* Problem to solve
Only the lines from the one containing "#315=CARTESIAN_POINT('',(-10.,0.,224.637286759728));" through the last line below should be written out, exactly and with both ends kept.

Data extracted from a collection
=== Section Start ===

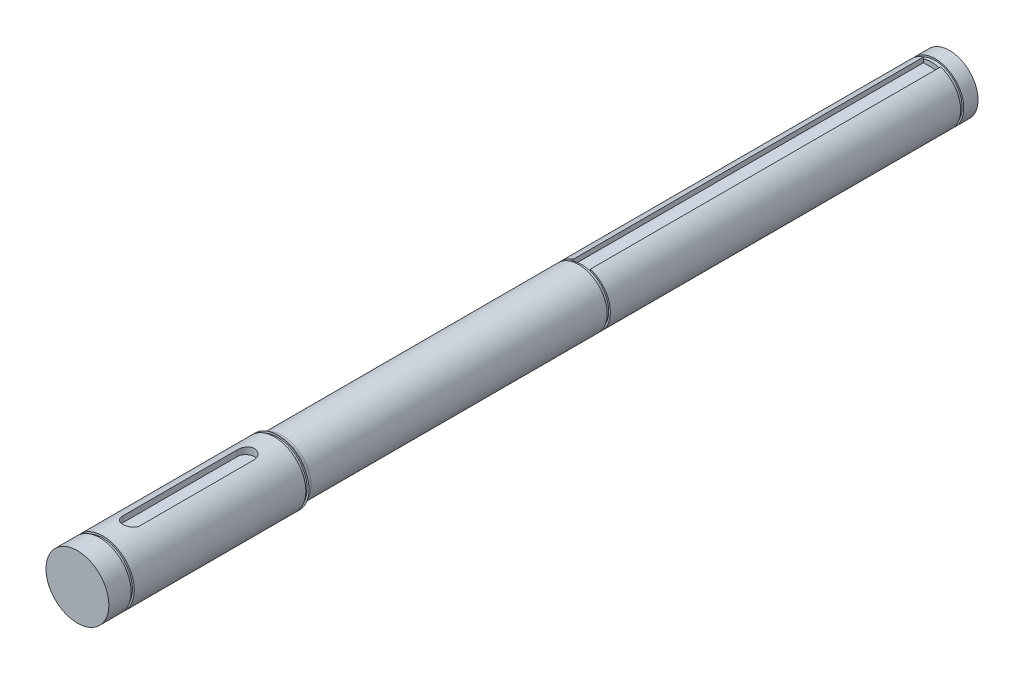
ISO-10303-21;
HEADER;
FILE_DESCRIPTION(('STEP AP214'),'2;1');
FILE_NAME('part.step','',(''),(''),'','','');
FILE_SCHEMA(('AUTOMOTIVE_DESIGN { 1 0 10303 214 1 1 1 1 }'));
ENDSEC;
DATA;
#1=APPLICATION_CONTEXT('core data for automotive mechanical design processes');
#2=APPLICATION_PROTOCOL_DEFINITION('international standard','automotive_design',2000,#1);
#3=PRODUCT_CONTEXT('',#1,'mechanical');
#4=PRODUCT('Part','Part','',(#3));
#5=PRODUCT_RELATED_PRODUCT_CATEGORY('part','',(#4));
#6=PRODUCT_DEFINITION_FORMATION('','',#4);
#7=PRODUCT_DEFINITION_CONTEXT('part definition',#1,'design');
#8=PRODUCT_DEFINITION('design','',#6,#7);
#9=PRODUCT_DEFINITION_SHAPE('','',#8);
#10=(LENGTH_UNIT() NAMED_UNIT(*) SI_UNIT(.MILLI.,.METRE.));
#11=(NAMED_UNIT(*) PLANE_ANGLE_UNIT() SI_UNIT($,.RADIAN.));
#12=(NAMED_UNIT(*) SI_UNIT($,.STERADIAN.) SOLID_ANGLE_UNIT());
#13=UNCERTAINTY_MEASURE_WITH_UNIT(LENGTH_MEASURE(1.E-05),#10,'distance_accuracy_value','');
#14=(GEOMETRIC_REPRESENTATION_CONTEXT(3) GLOBAL_UNCERTAINTY_ASSIGNED_CONTEXT((#13)) GLOBAL_UNIT_ASSIGNED_CONTEXT((#10,
#11,#12)) REPRESENTATION_CONTEXT('',''));
#15=CARTESIAN_POINT('',(0.,0.,0.));
#16=DIRECTION('',(0.,0.,1.));
#17=DIRECTION('',(1.,0.,0.));
#18=AXIS2_PLACEMENT_3D('',#15,#16,#17);
#19=CARTESIAN_POINT('',(0.,0.,235.));
#20=DIRECTION('',(0.,0.,-1.));
#21=DIRECTION('',(-1.,0.,0.));
#22=AXIS2_PLACEMENT_3D('',#19,#20,#21);
#23=CYLINDRICAL_SURFACE('',#22,10.);
#24=CARTESIAN_POINT('',(0.,0.,128.6));
#25=DIRECTION('',(0.,0.,-1.));
#26=DIRECTION('',(-1.,0.,0.));
#27=AXIS2_PLACEMENT_3D('',#24,#25,#26);
#28=CIRCLE('',#27,10.);
#29=CARTESIAN_POINT('',(3.,9.53939201416946,128.6));
#30=VERTEX_POINT('',#29);
#31=CARTESIAN_POINT('',(-3.,9.53939201416946,128.6));
#32=VERTEX_POINT('',#31);
#33=EDGE_CURVE('E204',#30,#32,#28,.T.);
#34=ORIENTED_EDGE('',*,*,#33,.T.);
#35=DIRECTION('',(0.,0.,-1.));
#36=VECTOR('',#35,1.);
#37=CARTESIAN_POINT('',(-3.,9.53939201416946,235.));
#38=LINE('',#37,#36);
#39=CARTESIAN_POINT('',(-3.,9.53939201416946,6.10000000000001));
#40=VERTEX_POINT('',#39);
#41=EDGE_CURVE('E194',#32,#40,#38,.T.);
#42=ORIENTED_EDGE('',*,*,#41,.T.);
#43=CARTESIAN_POINT('',(0.,0.,6.1));
#44=DIRECTION('',(0.,0.,-1.));
#45=DIRECTION('',(-1.,0.,0.));
#46=AXIS2_PLACEMENT_3D('',#43,#44,#45);
#47=CIRCLE('',#46,10.);
#48=CARTESIAN_POINT('',(3.,9.53939201416946,6.10000000000001));
#49=VERTEX_POINT('',#48);
#50=EDGE_CURVE('E217',#49,#40,#47,.T.);
#51=ORIENTED_EDGE('',*,*,#50,.F.);
#52=DIRECTION('',(0.,0.,-1.));
#53=VECTOR('',#52,1.);
#54=CARTESIAN_POINT('',(3.,9.53939201416946,235.));
#55=LINE('',#54,#53);
#56=EDGE_CURVE('E189',#49,#30,#55,.F.);
#57=ORIENTED_EDGE('',*,*,#56,.T.);
#58=EDGE_LOOP('',(#34,#42,#51,#57));
#59=FACE_BOUND('',#58,.T.);
#60=ADVANCED_FACE('F33',(#59),#23,.T.);
#61=CARTESIAN_POINT('',(0.,0.,6.1));
#62=DIRECTION('',(0.,0.,-1.));
#63=DIRECTION('',(-1.,0.,0.));
#64=AXIS2_PLACEMENT_3D('',#61,#62,#63);
#65=PLANE('',#64);
#66=DIRECTION('',(0.,1.,0.));
#67=VECTOR('',#66,1.);
#68=CARTESIAN_POINT('',(-3.,10.8777926354471,6.10000000000001));
#69=LINE('',#68,#67);
#70=CARTESIAN_POINT('',(-3.,8.94007270663947,6.10000000000001));
#71=VERTEX_POINT('',#70);
#72=EDGE_CURVE('E169',#71,#40,#69,.T.);
#73=ORIENTED_EDGE('',*,*,#72,.F.);
#74=CARTESIAN_POINT('',(0.,0.,6.1));
#75=DIRECTION('',(0.,0.,-1.));
#76=DIRECTION('',(-1.,0.,0.));
#77=AXIS2_PLACEMENT_3D('',#74,#75,#76);
#78=CIRCLE('',#77,9.43);
#79=CARTESIAN_POINT('',(3.,8.94007270663947,6.10000000000001));
#80=VERTEX_POINT('',#79);
#81=EDGE_CURVE('E214',#80,#71,#78,.T.);
#82=ORIENTED_EDGE('',*,*,#81,.F.);
#83=DIRECTION('',(0.,-1.,0.));
#84=VECTOR('',#83,1.);
#85=CARTESIAN_POINT('',(3.,7.81,6.10000000000001));
#86=LINE('',#85,#84);
#87=EDGE_CURVE('E183',#49,#80,#86,.T.);
#88=ORIENTED_EDGE('',*,*,#87,.F.);
#89=ORIENTED_EDGE('',*,*,#50,.T.);
#90=EDGE_LOOP('',(#73,#82,#88,#89));
#91=FACE_BOUND('',#90,.T.);
#92=ADVANCED_FACE('F290',(#91),#65,.T.);
#93=CARTESIAN_POINT('',(0.,0.,5.));
#94=DIRECTION('',(0.,0.,-1.));
#95=DIRECTION('',(-1.,0.,0.));
#96=AXIS2_PLACEMENT_3D('',#93,#94,#95);
#97=PLANE('',#96);
#98=CARTESIAN_POINT('',(0.,0.,5.));
#99=DIRECTION('',(0.,0.,-1.));
#100=DIRECTION('',(-1.,0.,0.));
#101=AXIS2_PLACEMENT_3D('',#98,#99,#100);
#102=CIRCLE('',#101,9.43);
#103=CARTESIAN_POINT('',(-9.43,0.,5.));
#104=VERTEX_POINT('',#103);
#105=EDGE_CURVE('E207',#104,#104,#102,.T.);
#106=ORIENTED_EDGE('',*,*,#105,.T.);
#107=EDGE_LOOP('',(#106));
#108=FACE_BOUND('',#107,.T.);
#109=CARTESIAN_POINT('',(0.,0.,5.));
#110=DIRECTION('',(0.,0.,-1.));
#111=DIRECTION('',(-1.,0.,0.));
#112=AXIS2_PLACEMENT_3D('',#109,#110,#111);
#113=CIRCLE('',#112,10.);
#114=CARTESIAN_POINT('',(-10.,0.,4.99999999999998));
#115=VERTEX_POINT('',#114);
#116=EDGE_CURVE('E213',#115,#115,#113,.T.);
#117=ORIENTED_EDGE('',*,*,#116,.F.);
#118=EDGE_LOOP('',(#117));
#119=FACE_BOUND('',#118,.T.);
#120=ADVANCED_FACE('F297',(#108,#119),#97,.F.);
#121=CARTESIAN_POINT('',(0.,0.,6.1));
#122=DIRECTION('',(0.,0.,-1.));
#123=DIRECTION('',(-1.,0.,0.));
#124=AXIS2_PLACEMENT_3D('',#121,#122,#123);
#125=CYLINDRICAL_SURFACE('',#124,9.43);
#126=EDGE_CURVE('E210',#71,#80,#78,.T.);
#127=ORIENTED_EDGE('',*,*,#126,.T.);
#128=ORIENTED_EDGE('',*,*,#81,.T.);
#129=EDGE_LOOP('',(#127,#128));
#130=FACE_BOUND('',#129,.T.);
#131=ORIENTED_EDGE('',*,*,#105,.F.);
#132=EDGE_LOOP('',(#131));
#133=FACE_BOUND('',#132,.T.);
#134=ADVANCED_FACE('F316',(#130,#133),#125,.T.);
#135=CARTESIAN_POINT('',(0.,0.,0.));
#136=DIRECTION('',(0.,0.,1.));
#137=DIRECTION('',(1.,0.,0.));
#138=AXIS2_PLACEMENT_3D('',#135,#136,#137);
#139=PLANE('',#138);
#140=CARTESIAN_POINT('',(0.,0.,0.));
#141=DIRECTION('',(0.,0.,1.));
#142=DIRECTION('',(1.,0.,0.));
#143=AXIS2_PLACEMENT_3D('',#140,#141,#142);
#144=CIRCLE('',#143,10.);
#145=CARTESIAN_POINT('',(-10.,0.,0.));
#146=VERTEX_POINT('',#145);
#147=EDGE_CURVE('E220',#146,#146,#144,.T.);
#148=ORIENTED_EDGE('',*,*,#147,.F.);
#149=EDGE_LOOP('',(#148));
#150=FACE_BOUND('',#149,.T.);
#151=ADVANCED_FACE('F307',(#150),#139,.F.);
#152=CARTESIAN_POINT('',(-10.,0.,4.99999999999998));
#153=CARTESIAN_POINT('',(-10.,0.,4.94791666666664));
#154=CARTESIAN_POINT('',(-10.,0.,4.89583333333331));
#155=CARTESIAN_POINT('',(-10.,0.,4.79166666666665));
#156=CARTESIAN_POINT('',(-10.,0.,4.73958333333332));
#157=CARTESIAN_POINT('',(-10.,0.,4.63541666666665));
#158=CARTESIAN_POINT('',(-10.,0.,4.58333333333332));
#159=CARTESIAN_POINT('',(-10.,0.,4.47916666666665));
#160=CARTESIAN_POINT('',(-10.,0.,4.42708333333332));
#161=CARTESIAN_POINT('',(-10.,0.,4.32291666666665));
#162=CARTESIAN_POINT('',(-10.,0.,4.27083333333331));
#163=CARTESIAN_POINT('',(-10.,0.,4.16666666666663));
#164=CARTESIAN_POINT('',(-10.,0.,4.1145833333333));
#165=CARTESIAN_POINT('',(-10.,0.,4.01041666666664));
#166=CARTESIAN_POINT('',(-10.,0.,3.9583333333333));
#167=CARTESIAN_POINT('',(-10.,0.,3.85416666666664));
#168=CARTESIAN_POINT('',(-10.,0.,3.80208333333331));
#169=CARTESIAN_POINT('',(-10.,0.,3.69791666666664));
#170=CARTESIAN_POINT('',(-10.,0.,3.64583333333331));
#171=CARTESIAN_POINT('',(-10.,0.,3.54166666666665));
#172=CARTESIAN_POINT('',(-10.,0.,3.48958333333331));
#173=CARTESIAN_POINT('',(-10.,0.,3.38541666666665));
#174=CARTESIAN_POINT('',(-10.,0.,3.33333333333332));
#175=CARTESIAN_POINT('',(-10.,0.,3.22916666666664));
#176=CARTESIAN_POINT('',(-10.,0.,3.1770833333333));
#177=CARTESIAN_POINT('',(-10.,0.,3.07291666666663));
#178=CARTESIAN_POINT('',(-10.,0.,3.0208333333333));
#179=CARTESIAN_POINT('',(-10.,0.,2.91666666666663));
#180=CARTESIAN_POINT('',(-10.,0.,2.8645833333333));
#181=CARTESIAN_POINT('',(-10.,0.,2.76041666666664));
#182=CARTESIAN_POINT('',(-10.,0.,2.7083333333333));
#183=CARTESIAN_POINT('',(-10.,0.,2.60416666666664));
#184=CARTESIAN_POINT('',(-10.,0.,2.55208333333331));
#185=CARTESIAN_POINT('',(-10.,0.,2.44791666666664));
#186=CARTESIAN_POINT('',(-10.,0.,2.39583333333331));
#187=CARTESIAN_POINT('',(-10.,0.,2.29166666666665));
#188=CARTESIAN_POINT('',(-10.,0.,2.23958333333331));
#189=CARTESIAN_POINT('',(-10.,0.,2.13541666666665));
#190=CARTESIAN_POINT('',(-10.,0.,2.08333333333332));
#191=CARTESIAN_POINT('',(-10.,0.,1.97916666666665));
#192=CARTESIAN_POINT('',(-10.,0.,1.92708333333332));
#193=CARTESIAN_POINT('',(-10.,0.,1.82291666666665));
#194=CARTESIAN_POINT('',(-10.,0.,1.7708333333333));
#195=CARTESIAN_POINT('',(-10.,0.,1.66666666666663));
#196=CARTESIAN_POINT('',(-10.,0.,1.6145833333333));
#197=CARTESIAN_POINT('',(-10.,0.,1.51041666666663));
#198=CARTESIAN_POINT('',(-10.,0.,1.4583333333333));
#199=CARTESIAN_POINT('',(-10.,0.,1.35416666666664));
#200=CARTESIAN_POINT('',(-10.,0.,1.30208333333331));
#201=CARTESIAN_POINT('',(-10.,0.,1.19791666666664));
#202=CARTESIAN_POINT('',(-10.,0.,1.14583333333331));
#203=CARTESIAN_POINT('',(-10.,0.,1.04166666666664));
#204=CARTESIAN_POINT('',(-10.,0.,0.989583333333312));
#205=CARTESIAN_POINT('',(-10.,0.,0.885416666666648));
#206=CARTESIAN_POINT('',(-10.,0.,0.833333333333316));
#207=CARTESIAN_POINT('',(-10.,0.,0.729166666666642));
#208=CARTESIAN_POINT('',(-10.,0.,0.6770833333333));
#209=CARTESIAN_POINT('',(-10.,0.,0.572916666666627));
#210=CARTESIAN_POINT('',(-10.,0.,0.520833333333295));
#211=CARTESIAN_POINT('',(-10.,0.,0.41666666666663));
#212=CARTESIAN_POINT('',(-10.,0.,0.364583333333298));
#213=CARTESIAN_POINT('',(-10.,0.,0.260416666666633));
#214=CARTESIAN_POINT('',(-10.,0.,0.208333333333301));
#215=CARTESIAN_POINT('',(-10.,0.,0.104166666666637));
#216=CARTESIAN_POINT('',(-10.,0.,0.0520833333333045));
#217=CARTESIAN_POINT('',(-10.,0.,0.));
#218=B_SPLINE_CURVE_WITH_KNOTS('',3,(#152,#153,#154,#155,#156,#157,#158,#159,#160,#161,#162,
#163,#164,#165,#166,#167,#168,#169,#170,#171,#172,#173,#174,#175,#176,#177,#178,#179,#180,#181,
#182,#183,#184,#185,#186,#187,#188,#189,#190,#191,#192,#193,#194,#195,#196,#197,#198,#199,#200,
#201,#202,#203,#204,#205,#206,#207,#208,#209,#210,#211,#212,#213,#214,#215,#216,#217),
.UNSPECIFIED.,.F.,.F.,(4,2,2,2,2,2,2,2,2,2,2,2,2,2,2,2,2,2,2,2,2,2,2,2,2,2,2,2,2,2,2,2,4),(0.,
0.156249999999997,0.312499999999993,0.46874999999999,0.624999999999987,0.781250000000011,
0.937500000000008,1.09375,1.25,1.40625,1.56249999999999,1.71874999999999,1.87500000000002,
2.03125000000001,2.18750000000001,2.34375000000001,2.5,2.65625,2.8125,2.96874999999999,
3.12499999999999,3.28125000000001,3.43750000000001,3.59375000000001,3.75,3.90625,4.0625,
4.21874999999999,4.37500000000002,4.53125000000001,4.68750000000001,4.84375000000001,5.),.UNSPECIFIED.);
#219=EDGE_CURVE('BSEAM293',#115,#146,#218,.T.);
#220=ORIENTED_EDGE('',*,*,#116,.T.);
#221=ORIENTED_EDGE('',*,*,#147,.T.);
#222=ORIENTED_EDGE('',*,*,#219,.T.);
#223=ORIENTED_EDGE('',*,*,#219,.F.);
#224=EDGE_LOOP('',(#220,#222,#221,#223));
#225=FACE_BOUND('',#224,.T.);
#226=ADVANCED_FACE('F293',(#225),#23,.T.);
#227=CARTESIAN_POINT('',(0.,0.,128.6));
#228=DIRECTION('',(0.,0.,1.));
#229=DIRECTION('',(-1.,0.,0.));
#230=AXIS2_PLACEMENT_3D('',#227,#228,#229);
#231=PLANE('',#230);
#232=DIRECTION('',(0.,1.,0.));
#233=VECTOR('',#232,1.);
#234=CARTESIAN_POINT('',(-3.,10.8777926354471,128.6));
#235=LINE('',#234,#233);
#236=CARTESIAN_POINT('',(-3.,8.94007270663947,128.6));
#237=VERTEX_POINT('',#236);
#238=EDGE_CURVE('E172',#237,#32,#235,.T.);
#239=ORIENTED_EDGE('',*,*,#238,.T.);
#240=ORIENTED_EDGE('',*,*,#33,.F.);
#241=DIRECTION('',(0.,-1.,0.));
#242=VECTOR('',#241,1.);
#243=CARTESIAN_POINT('',(3.,7.81,128.6));
#244=LINE('',#243,#242);
#245=CARTESIAN_POINT('',(3.,8.94007270663947,128.6));
#246=VERTEX_POINT('',#245);
#247=EDGE_CURVE('E174',#30,#246,#244,.T.);
#248=ORIENTED_EDGE('',*,*,#247,.T.);
#249=CARTESIAN_POINT('',(0.,0.,128.6));
#250=DIRECTION('',(0.,0.,-1.));
#251=DIRECTION('',(-1.,0.,0.));
#252=AXIS2_PLACEMENT_3D('',#249,#250,#251);
#253=CIRCLE('',#252,9.43);
#254=EDGE_CURVE('E201',#246,#237,#253,.T.);
#255=ORIENTED_EDGE('',*,*,#254,.T.);
#256=EDGE_LOOP('',(#239,#240,#248,#255));
#257=FACE_BOUND('',#256,.T.);
#258=ADVANCED_FACE('F306',(#257),#231,.T.);
#259=CARTESIAN_POINT('',(0.,0.,129.7));
#260=DIRECTION('',(0.,0.,1.));
#261=DIRECTION('',(-1.,0.,0.));
#262=AXIS2_PLACEMENT_3D('',#259,#260,#261);
#263=PLANE('',#262);
#264=CARTESIAN_POINT('',(0.,0.,129.7));
#265=DIRECTION('',(0.,0.,-1.));
#266=DIRECTION('',(-1.,0.,0.));
#267=AXIS2_PLACEMENT_3D('',#264,#265,#266);
#268=CIRCLE('',#267,10.);
#269=CARTESIAN_POINT('',(-10.,0.,129.7));
#270=VERTEX_POINT('',#269);
#271=EDGE_CURVE('E200',#270,#270,#268,.T.);
#272=ORIENTED_EDGE('',*,*,#271,.T.);
#273=EDGE_LOOP('',(#272));
#274=FACE_BOUND('',#273,.T.);
#275=CARTESIAN_POINT('',(0.,0.,129.7));
#276=DIRECTION('',(0.,0.,-1.));
#277=DIRECTION('',(-1.,0.,0.));
#278=AXIS2_PLACEMENT_3D('',#275,#276,#277);
#279=CIRCLE('',#278,9.43);
#280=CARTESIAN_POINT('',(-9.43,0.,129.7));
#281=VERTEX_POINT('',#280);
#282=EDGE_CURVE('E197',#281,#281,#279,.T.);
#283=ORIENTED_EDGE('',*,*,#282,.F.);
#284=EDGE_LOOP('',(#283));
#285=FACE_BOUND('',#284,.T.);
#286=ADVANCED_FACE('F313',(#274,#285),#263,.F.);
#287=CARTESIAN_POINT('',(0.,0.,128.6));
#288=DIRECTION('',(0.,0.,1.));
#289=DIRECTION('',(1.,0.,0.));
#290=AXIS2_PLACEMENT_3D('',#287,#288,#289);
#291=CYLINDRICAL_SURFACE('',#290,9.43);
#292=EDGE_CURVE('E198',#237,#246,#253,.T.);
#293=ORIENTED_EDGE('',*,*,#292,.F.);
#294=ORIENTED_EDGE('',*,*,#254,.F.);
#295=EDGE_LOOP('',(#293,#294));
#296=FACE_BOUND('',#295,.T.);
#297=ORIENTED_EDGE('',*,*,#282,.T.);
#298=EDGE_LOOP('',(#297));
#299=FACE_BOUND('',#298,.T.);
#300=ADVANCED_FACE('F303',(#296,#299),#291,.T.);
#301=CARTESIAN_POINT('',(0.,0.,233.267949192431));
#302=DIRECTION('',(0.,0.,1.));
#303=DIRECTION('',(1.,0.,0.));
#304=AXIS2_PLACEMENT_3D('',#301,#302,#303);
#305=CIRCLE('',#304,10.);
#306=CARTESIAN_POINT('',(-10.,0.,233.267949192431));
#307=VERTEX_POINT('',#306);
#308=EDGE_CURVE('E225',#307,#307,#305,.F.);
#309=CARTESIAN_POINT('',(-10.,0.,233.267949192431));
#310=CARTESIAN_POINT('',(-10.,0.,232.189116388343));
#311=CARTESIAN_POINT('',(-10.,0.,231.110283584255));
#312=CARTESIAN_POINT('',(-10.,0.,228.95261797608));
#313=CARTESIAN_POINT('',(-10.,0.,227.873785171992));
#314=CARTESIAN_POINT('',(-10.,0.,225.716119563816));
#315=CARTESIAN_POINT('',(-10.,0.,224.637286759728));
#316=CARTESIAN_POINT('',(-10.,0.,222.479621151553));
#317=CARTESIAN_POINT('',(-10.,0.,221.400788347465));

=== Section End ===

* Response to the task
#315=CARTESIAN_POINT('',(-10.,0.,224.637286759728));
#316=CARTESIAN_POINT('',(-10.,0.,222.479621151553));
#317=CARTESIAN_POINT('',(-10.,0.,221.400788347465));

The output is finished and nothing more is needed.